Download or read book China and Islam written by Matthew S. Erie and published by Cambridge University Press. This book was released on 2016-09 with total page 473 pages. Available in PDF, EPUB and Kindle. Book excerpt: This book is the first ethnographic study of Muslim minorities' practice of Islamic law in contemporary China.
Download or read book Sharia Compliant written by Rumee Ahmed and published by Encountering Traditions. This book was released on 2018 with total page 0 pages. Available in PDF, EPUB and Kindle. Book excerpt: This book covers the ins and outs of Islamic legal change and provides readers with step-by-step instructions for shaping the future of Islamic law.
Download or read book Everyday Islamic Law and the Making of Modern South Asia written by Elizabeth Lhost and published by UNC Press Books. This book was released on 2022-05-10 with total page 377 pages. Available in PDF, EPUB and Kindle. Book excerpt: Beginning in the late eighteenth century, British rule transformed the relationship between law, society, and the state in South Asia. But qazis and muftis, alongside ordinary people without formal training in law, fought back as the colonial system in India sidelined Islamic legal experts. They petitioned the East India Company for employment, lobbied imperial legislators for recognition, and built robust institutions to serve their communities. By bringing legal debates into the public sphere, they resisted the colonial state's authority over personal law and rejected legal codification by embracing flexibility and possibility. With postcards, letters, and telegrams, they made everyday Islamic law vibrant and resilient and challenged the hegemony of the Anglo-Indian legal system. Following these developments from the beginning of the Raj through independence, Elizabeth Lhost rejects narratives of stagnation and decline to show how an unexpected coterie of scholars, practitioners, and ordinary individuals negotiated the contests and challenges of colonial legal change. The rich archive of unpublished fatwa files, qazi notebooks, and legal documents they left behind chronicles their efforts to make Islamic law relevant for everyday life, even beyond colonial courtrooms and the confines of family law. Lhost shows how ordinary Muslims shaped colonial legal life and how their diversity and difference have contributed to contemporary debates about religion, law, pluralism, and democracy in South Asia and beyond.

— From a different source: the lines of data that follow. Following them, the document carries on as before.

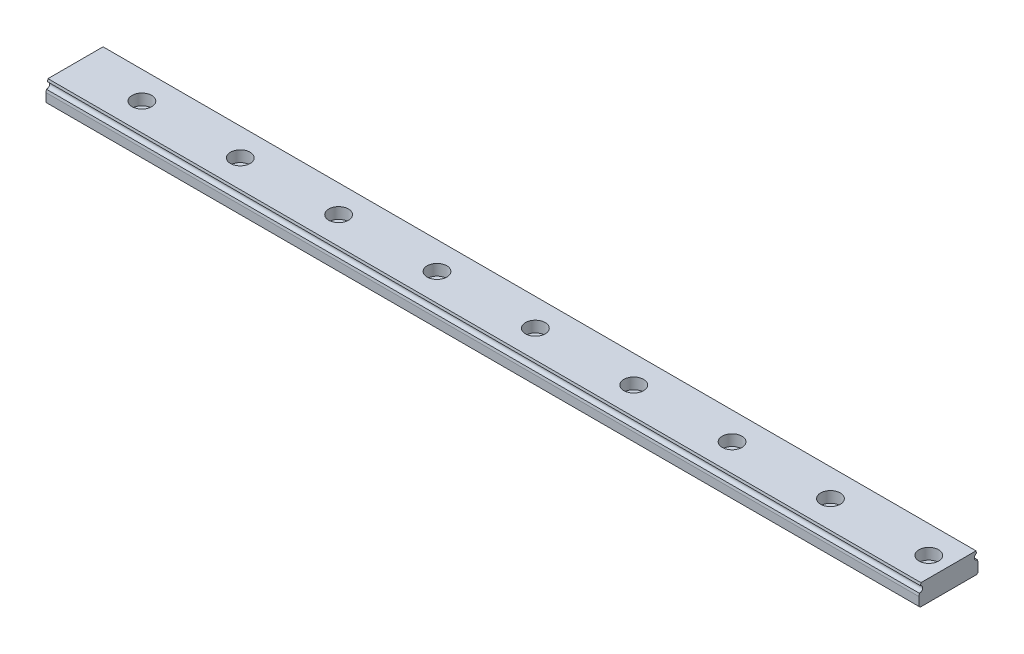
SolidWorks part; units mm, degrees
ref_plane "Plano frontal" through (0, 0, 0) normal (0, 0, 1) x (1, 0, 0)
ref_plane "Plano superior" through (0, 0, 0) normal (0, 1, 0) x (1, 0, 0)
ref_plane "Plano direito" through (0, 0, 0) normal (1, 0, 0) x (0, 0, -1)
ref_plane "Plano1" through (-15, 0, 0) normal (1, 0, 0) x (0, 0, -1)
sketch "Esboço1" plane through (-15, 0, 0) normal (1, 0, 0) x (0, 0, -1)
  line L0 (-12, 4) -> (-12, 0.5)
  line L1 (-12, 0.5) -> (-11.5, 0)
  line L2 (-11.5, 0) -> (11.5, 0)
  line L3 (11.5, 0) -> (12, 0.5)
  line L4 (12, 0.5) -> (12, 4)
  line L5 (12, 4) -> (11.8146, 5.0517)
  line L6 (11.3837, 7.4951) -> (11.2065, 8.5)
  line L7 (11.2065, 8.5) -> (-11.2065, 8.5)
  line L8 (-11.2065, 8.5) -> (-11.3837, 7.4951)
  line L9 (-11.8146, 5.0517) -> (-12, 4)
  arc A0 (11.8146, 5.0517) -> (11.3837, 7.4951) centre (11.75, 6.3) cw
  arc A1 (-11.3837, 7.4951) -> (-11.8146, 5.0517) centre (-11.75, 6.3) cw
extrude "Ressalto-extrusão1" add sketch "Esboço1" along normal blind 263 and the other way blind 92
ref_plane "Plano2" through (0, 0, 0) normal (0, 0, 1) x (1, 0, 0)
sketch "Esboço2" plane through (0, 0, 0) normal (0, 0, 1) x (1, 0, 0)
  line L0 (0, 8.5) -> (4, 8.5)
  line L1 (4, 8.5) -> (4, 4)
  line L2 (4, 4) -> (2.25, 4)
  line L3 (2.25, 4) -> (2.25, 0)
  line L4 (2.25, 0) -> (0, 0)
  line L5 (0, 0) -> (0, 8.5)
  line L6 (0, 0) -> (0, 8.5) construction
ref_plane "Plano3" through (0, 0, 0) normal (0, 0, 1) x (1, 0, 0)
sketch "Esboço3" plane through (0, 0, 0) normal (0, 0, 1) x (1, 0, 0)
  line L0 (40, 8.5) -> (44, 8.5)
  line L1 (44, 8.5) -> (44, 4)
  line L2 (44, 4) -> (42.25, 4)
  line L3 (42.25, 4) -> (42.25, 0)
  line L4 (42.25, 0) -> (40, 0)
  line L5 (40, 0) -> (40, 8.5)
  line L6 (40, 0) -> (40, 8.5) construction
revolve "Corte-Revolução2" cut sketch "Esboço3" angle 360 about L6
pattern_linear "LPattern1" count 6 spacing 40 along (1, 0, 0) count 4 spacing 40 along (-1, 0, 0) of "Corte-Revolução2"

Download or read book An Introduction to Islamic Law written by Wael B. Hallaq and published by Cambridge University Press. This book was released on 2009-07-09 with total page 209 pages. Available in PDF, EPUB and Kindle. Book excerpt: The study of Islamic law can be a forbidding prospect for those entering the field for the first time. Wael Hallaq, a leading scholar and practitioner of Islamic law, guides students through the intricacies of the subject in this absorbing introduction. The first half of the book is devoted to a discussion of Islamic law in its pre-modern natural habitat. The second part explains how the law was transformed and ultimately dismantled during the colonial period. In the final chapters, the author charts recent developments and the struggles of the Islamists to negotiate changes which have seen the law emerge as a primarily textual entity focused on fixed punishments and ritual requirements. The book, which includes a chronology, a glossary of key terms, and lists of further reading, will be the first stop for those who wish to understand the fundamentals of Islamic law, its practices and history.